EDIT: I've been using an ARM embedded miniPC for almost 2 years for pretty much the same purpose. It has less than 10% of the performance of that board I mentioned, but was still enough for web server, FTP and UDP proxy for IPTV.


----------



## Sasqui (Feb 16, 2016)

Have you considered a robust NAS like the Qnap TS-251 or 451 ?


----------



## arges86 (Feb 17, 2016)

I assumed it was a bit overkill, But I wanted something that wouldn't stutter with a few Plex streams going. And would last me a few years (my old server is still rocking Windows Server 2003, but it starting to show its age).

'silentbogo', According to Plex to transcode a 1080P stream they recommend a CPU with a PassMark score of at least 2000, and the Celeron J1900 gets a score of only 1876, so I was worried that something like that wouldn't be able to keep up with demande
I think I'm leaning towards something like the  Intel atom C2750s... I've had an Atom based device in the past and they were so very slow.  I guess things have changed.  Have you ever used one for a server?

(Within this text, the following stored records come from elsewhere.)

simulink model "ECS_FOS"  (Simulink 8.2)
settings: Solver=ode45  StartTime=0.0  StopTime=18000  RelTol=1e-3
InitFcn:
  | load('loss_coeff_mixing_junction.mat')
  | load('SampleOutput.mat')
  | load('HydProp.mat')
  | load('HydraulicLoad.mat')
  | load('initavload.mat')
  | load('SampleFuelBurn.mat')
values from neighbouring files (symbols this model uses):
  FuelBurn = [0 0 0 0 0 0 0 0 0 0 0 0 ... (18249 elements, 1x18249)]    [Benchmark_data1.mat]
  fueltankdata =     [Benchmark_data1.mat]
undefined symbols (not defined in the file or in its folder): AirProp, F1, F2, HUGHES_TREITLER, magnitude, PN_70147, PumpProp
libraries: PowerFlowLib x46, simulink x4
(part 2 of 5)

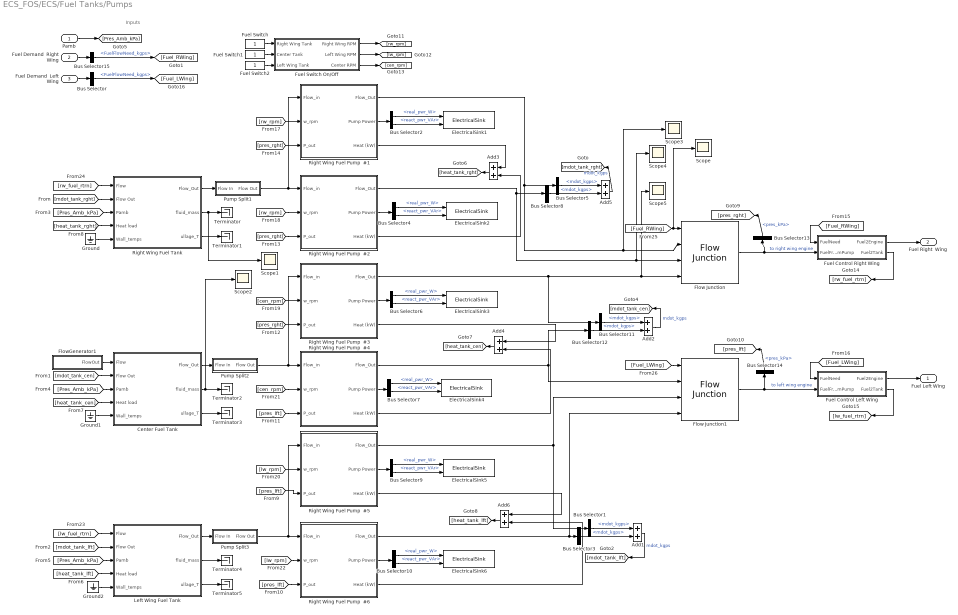
== system ECS_FOS/ECS/Fuel Tanks/Pumps ==
  note: Inputs
  Pamb : Inport
  Fuel Demand  Right Wing : Inport  Port=2
  Fuel Demand  Left Wing : Inport  Port=3
  Add{1..6} (6 alike) : Sum
  Bus Selector : BusSelector  OutputSignals=Fuel.FuelFlowNeed_kgps
  Bus Selector{1,3,5,8,11..12} (6 alike) : BusSelector  OutputSignals=mdot_kgps
  Bus Selector{2,4,6..7,9..10} (6 alike) : BusSelector  OutputSignals=real_pwr_W,react_pwr_VAr
  Bus Selector13 : BusSelector  OutputSignals=pres_kPa
  Bus Selector14 : BusSelector  OutputSignals=pres_kPa
  Bus Selector15 : BusSelector  OutputSignals=Fuel.FuelFlowNeed_kgps
  Center Fuel Tank : Subsystem  AncestorBlock=PowerFlowLib/Energy & Power Systems/Thermal/Fuel/Fuel Tank  mask(Fuel Tank){fileslct=off, filename=fueltank_area.m, filedir=C:\Users\mwillms4\Documents\My Box Files\Graduate\Research\PowerFlow Development\PowerFlow Fall 2013\SupportFunctions\fueltank_area.m, tank_loc=Center Tank, areaprompt2=off, max_vol=3.2, m_init=2500, fld_Tint=0, ull_Tint=30, Pover=100, HTC_fg=14.2, wallHXF=off, wetHTC=14.2, dryHTC=14.2, Qinternal=0}
      mask prompts: fileslct "Browse for area .m file?"; filename "Fuel Tank Area .m File"; filedir "Area .m File Directory"; tank_loc "Select Tank"; areaprompt2 "Edit Fuel Tank Area Manually?"; max_vol "Maximum Tank Volume [m³]"; m_init "Initial Fluid Mass [kg]"; fld_Tint "Initial Fluid Temperature [°C]"; ull_Tint "Initial Ullage Temperature [°C]"; Pover "Tank Pressurization [kPa]"; HTC_fg "Fuel to Ullage HTC [W/m² K]"; wallHXF "Enable Wall Heat Transfer"; wetHTC "Wall to Fluid HTC [W/m² K]"; dryHTC "Wall to Ullage HTC [W/m² K]"; Qinternal "Internal Heat Load [W]"
      mask help:
      | Input 1: Input Flow Bus
      | Input 2: Flow Rate Out [kg/s]
      | Input 3: Ambient Pressure [kPa]
      | Input 4: Heat Load [W]
      | Input 5: Initial Wall Temps. Vector [K]
      |
      | Output 1: Output Flow Bus
      | Output 2: Tank mass [kg]
      | Output 3: Ullage Temp. [K]
      mask init:
      | h      = get_param(gcb,'handle');   % Get block handle
      | blk    = gcb; 
      | hblock = get(h);     % Parse out handles structure 
      | 
      | 
      | %load FluidProperties
      | if exist('F1') == 0
      |     load FluidProp_JetA3638
      |     F1 = FuelProp;
      | end
      | if exist('AirProp') == 0
      |     load AirProp.mat
      | end
      | %{
      | % the following checks for the existance of a file and loads the
      | % spreadsheet into variables that populate the 2D lookup table
      | 
      | if isempty(filedir) == 0;
      |     areadata = xlsread(filedir,1);
      |     vol_per = areadata(:,1);
      |     wall_area = [areadata(:,2:size(areadata,2))];
      | end
      | %}
      | if strcmp(hblock.areaprompt2,'on') == 0;
      |     
      |     % run the selected fuel area file
      |     if ~isempty(strfind(filename,'.m'))
      |         try
      |             run(filename(1:strfind(filename,'.m')-1))       % removing the .m extension and loading the file
      |         catch
      |             error(['Unable to load selected fuel area file in ',blk,'. Verify the file is a .m script file and on the MATLAB Path'])
      |         end
      |     else
      |         try
      |             run(filename)
      |         catch
      |             error(['Unable to load selected fuel area file in ',blk,'. Verify the file is a .m script file and on the MATLAB Path'])
      |         end
      |     end
      |    
      |     switch hblock.tank_loc
      |         case 'Left Wing Tank'
      |             set_param([blk,'/Wall Heat Transfer/volume_%'],'Table', 'fueltankdata.leftwingtank');
      |             %BP1values = strcat('[',num2str(linspace(0,1,size(fueltankdata.leftwingtank,1))),']');
      |             %BP2values = strcat('[',num2str(linspace(1,size(fueltankdata.leftwingtank,2),size(fueltankdata.leftwingtank,2))),']');
      |             set_param([blk,'/Wall Heat Transfer/volume_%'],'BreakpointsForDimension1', 'linspace(0,1,11)');
      |             set_param([blk,'/Wall Heat Transfer/volume_%'],'BreakpointsForDimension2', 'linspace(1,6,6)');
      |             set_param([blk,'/Wall Heat Transfer/Walls 1 to n'],'Value','1:size(fueltankdata.leftwingtank,2)');
      |             set_param([blk,'/Wall Heat Transfer/total area'],'Bias','-[fueltankdata.leftwingtank(11,:)]');
      |             set_param([blk,'/ullage-fluid_area'],'Value','fueltankdata.leftwingtank(2,2)');
      |             
      |         case 'Center Tank'
      |             set_param([blk,'/Wall Heat Transfer/volume_%'],'Table', 'fueltankdata.centertank');
      |             %BP1values = strcat('[',num2str(linspace(0,1,size(fueltankdata.centertank,1))),']');
      |             %BP2values = strcat('[',num2str(linspace(1,size(fueltankdata.centertank,2),size(fueltankdata.centertank,2))),']');
      |             set_param([blk,'/Wall Heat Transfer/volume_%'],'BreakpointsForDimension1', 'linspace(0,1,11)');
      |             set_param([blk,'/Wall Heat Transfer/volume_%'],'BreakpointsForDimension2', 'linspace(1,6,6)');
      |             set_param([blk,'/Wall Heat Transfer/Walls 1 to n'],'Value','1:size(fueltankdata.centertank,2)');
      |             set_param([blk,'/Wall Heat Transfer/total area'],'Bias','-[fueltankdata.centertank(11,:)]');
      |             set_param([blk,'/ullage-fluid_area'],'Value','fueltankdata.centertank(2,2)');
      |             
      |         case 'Right Wing Tank'
      |             set_param([blk,'/Wall Heat Transfer/volume_%'],'Table', 'fueltankdata.rightwingtank');
      |             %BP1values = strcat('[',num2str(linspace(0,1,size(fueltankdata.rightwingtank,1))),']');
      |             %BP2values = strcat('[',num2str(linspace(1,size(fueltankdata.rightwingtank,2),size(fueltankdata.rightwingtank,2))),']');
      |             set_param([blk,'/Wall Heat Transfer/volume_%'],'BreakpointsForDimension1', 'linspace(0,1,11)');
      |             set_param([blk,'/Wall Heat Transfer/volume_%'],'BreakpointsForDimension2', 'linspace(1,6,6)');
      |             set_param([blk,'/Wall Heat Transfer/Walls 1 to n'],'Value','1:size(fueltankdata.rightwingtank,2)');
      |             set_param([blk,'/Wall Heat Transfer/total area'],'Bias','-[fueltankdata.rightwingtank(11,:)]');
      |             set_param([blk,'/ullage-fluid_area'],'Value','fueltankdata.rightwingtank(2,2)');
      |             
      |     end
      |     
      | end
      | 
      | %% CHECK FOR VOLUME OF FUEL BEING GREATER THAN VOLUME OF TANK
      | X = FuelProp.P;
      | Y = FuelProp.T;
      | delx = X(2)-X(1);
      | dely = Y(2)-Y(1);
      | xref = round((Pover + 101 - X(1))/delx);
      | yref = round((fld_Tint + 273 - Y(1))/dely);
      | 
      | rhoIC = FuelProp.Rho_pt(xref,yref);
      | volIC = m_init / rhoIC;
      | 
      | if volIC > max_vol
      |     error('Initial volume of fluid is greater than max volume of tank.')
      | end
      | 
      | 
      | clear h blk hblock
      mask Callback fileslct:
      | h      = get_param(gcb,'handle');   % Get block handle
      | blk    = gcb;
      | hblock = get(h);     % Parse out handles structure
      | 
      | if strcmp(hblock.fileslct,'on') == 1;
      |     set_param(gcb,'areaprompt2','off');     % turn off manual switch
      |     RR_SetPerfSlct(2,0);                    % call uiopen script
      | end
      | 
      | clear h blk hblock
      mask TypeOptions tank_loc: Left Wing Tank | Center Tank | Right Wing Tank
      mask Callback areaprompt2:
      | h      = get_param(gcb,'handle');   % Get block handle
      | blk    = gcb;
      | hblock = get(h);     % Parse out handles structure
      | 
      | if strcmp(hblock.areaprompt2,'on') == 1;
      |     set_param(gcb,'fileslct','off');
      |     open_system([blk, '/Wall Heat Transfer/volume_%']);
      | end
      mask Callback wallHXF:
      | h      = get_param(gcb,'handle');   % Get block handle
      | blk    = gcb;
      | hblock = get(h);     % Parse out handles structure
      | 
      | if strcmp(hblock.wallHXF,'on') == 1;
      |     set_param([blk,'/enable_wall_HXF'],'Value','1');
      | else
      |     set_param([blk,'/enable_wall_HXF'],'Value','0');
      | end
      | 
      | clear h blk hblock
      mask Display:
      | image(imread('fueltank.jpg'))
      | 
      | port_label('input',1,'{\bf Flow In}','TexMode','on')
      | port_label('input',2,'{\bf Flow Rate Out}','TexMode','on')
      | port_label('input',3,'{\bf P_a_m_b [kPa]}','TexMode','on')
      | port_label('input',4,'{\bf Heat Load [kW]}','TexMode','on')
      | port_label('input',5,'{\bf Wall Temp. [K]}','TexMode','on')
      | 
      | port_label('output',1,'{\bf Flow Out }','TexMode','on')
      | port_label('output',2,'{\bf Fluid Mass [kg]}','TexMode','on')
      | port_label('output',3,'{\bf Ullage Temp. [K]}','TexMode','on')
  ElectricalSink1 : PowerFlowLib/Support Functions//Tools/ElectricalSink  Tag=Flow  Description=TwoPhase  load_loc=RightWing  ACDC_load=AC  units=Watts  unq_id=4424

'newtekie1' & 'alucasa', I was leaning towards an i3, as it does simplify some things. Something like the Core i3-4130 gets a PassMark score high enough that I shouldn't have any issues trans coding a stream or two. But, I wasn't sure if it would like being on 24/7. Any idea?

As for a NAS 'Sasqui', I need something that I can run a real operating system on and tweak/learn on.


----------



## Solaris17 (Feb 17, 2016)

i personally use a supermicro board with a xeon, however if your budget is strictly $600 may I suggest the gigabyte server SOCs they support IPMI and other server features you should familiarize yourself with if you would like to get into the field.


----------



## newtekie1 (Feb 17, 2016)

arges86 said:


> But, I wasn't sure if it would like being on 24/7. Any idea?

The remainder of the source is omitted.